32. Commissioner of Income Tax vide letter dated 31st July, 2013 had furnished a chart giving details of hearing before the tribunal, which indicates that 24 hearings were held till 4th June, 2013. The said chart reads as under:-
“S. No. |
Date of Hearing Adjourned to Adjournment sought (A/R) |
1 |
02.02.2012 14.02.2012 Part heard and continue hearing alongwith ITA No.5622, 5623/10 & 5465/2011 |
2 |
14.02.2012 15.02.2012 Adjourned |
3 |
15.02.2012 06.03.2012 Arguments of assesse counsel partly heard. Adjourned to 06.03.2012. |
4 |
06.03.2012 29.03.2012 Judicial members on leave |
5 |
29.03.2012 30.04.2012 Constitution of Bench ends to be presented before regular Bench |
6 |
30.04.2012 11.07.2012 Adjourned by Bench for want of time |
7 |
11.07.2012 01.08.2012 Adjourned on request of both parties |
8 |
01.08.2012 02.08.2012 Adjourned |
9 |
02.08.2012 23.08.2012 Assessee’s argument.

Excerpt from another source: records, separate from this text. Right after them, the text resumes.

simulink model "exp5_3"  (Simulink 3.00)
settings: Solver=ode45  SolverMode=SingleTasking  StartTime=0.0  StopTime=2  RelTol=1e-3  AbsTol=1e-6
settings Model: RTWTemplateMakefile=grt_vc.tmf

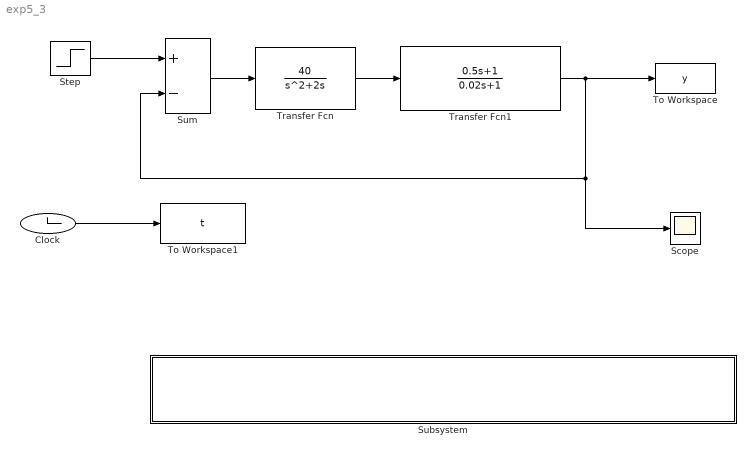
== system exp5_3 ==
  Clock : Clock
      settings: DisplayTime=off  Decimation=10
  Scope : Scope
      settings: TimeRange=2  YMin=0  YMax=1.4  SaveToWorkspace=off  SaveName=ScopeData
  Step : Step  Time=0  Before=0  After=1  SampleTime=0
  Subsystem : Subsystem
      settings: OpenFcn=ploty
      mask Display: disp('After simulation Double Click Here to Plot The Result')
  Sum : Sum  Inputs=+-  SaturateOnIntegerOverflow=on
  To Workspace : ToWorkspace  VariableName=y  SampleTime=-1  SaveFormat=Matrix
  To Workspace1 : ToWorkspace  VariableName=t  SampleTime=-1  SaveFormat=Matrix
  Transfer Fcn : TransferFcn  Numerator=[40]  Denominator=[1 2 0]
  Transfer Fcn1 : TransferFcn  Numerator=[0.5 1]  Denominator=[0.02 1]
  wires:
  Transfer Fcn1/1 -> To Workspace/1, Sum/2, Scope/1
  Transfer Fcn/1 -> Transfer Fcn1/1
  Sum/1 -> Transfer Fcn/1
  Step/1 -> Sum/1
  Clock/1 -> To Workspace1/1

== system exp5_3/Subsystem ==

Part Heard |
10 |
23.08.2012 03.09.2012 Adjourned on request of both parties |
11 |
03.09.2012 05.09.2012 Adjourned on request of both parties |
12 |
05.09.2012 15.10.2012 Adjourned on request of both parties |
13 |
15.10.2012 01.11.2012 Adjourned on request of both parties |
14 |
01.11.2012 08.11.2012 Both counsel’s busy in special Bench Adjourned on request of both parties |
15 |
08.11.2012 21.11.2012 Adjourned on request of both parties |
16 |
21.11.2012 To be listed in regular course |
17 |
03.01.2013 30.01.2013 Adjourned on request of DR |
18 |
30.01.2013 11.03.2013 12.03.2013 Adjourned due to paucity of time by bench |
19 |
11.03.2013 01.04.2013 Adjourned on request of both parties |
20 |
01.04.2013 02.04.2013 Assessee’s counsel’s argument heard |
21 |
03.04.2013 09.04.2013 Special Counsel’s argument continued. Adjourned to 08.05.2013. |
22 |
08.05.2013 15.05.2013 |
23. |
05.2013 Special counsel’s argument continued.23 23.05.2013 04.06.2013 Member on leave |
24 |
04.06.2013 02.07.2013 Member on leave and Adjourned by both parties. |
”
33. It is apparent that the department had engaged special counsel in the present case.
34. It is noticeable that in the writ petition the Revenue has not stated or averred that the assessee is responsible for the delay or was adopting dilatory tactics to prevent adjudication of the appeal.
35. Keeping in view the aforesaid facts, we direct that in case appeals filed by the two assessees have not been disposed of, the same should be disposed of expeditiously and preferably within a period of two months. The impugned demand shall remain stayed during the said period in case appeals have not yet been disposed of. However, in case the appeals are not disposed of within the said period, it will be open to the assessee to file a writ petition in the High Court for grant of stay of the impugned demand. It will be also open to the tribunal to proceed in accordance with the law as indicated above.
36. The writ petitions are accordingly disposed of, without any order as to costs.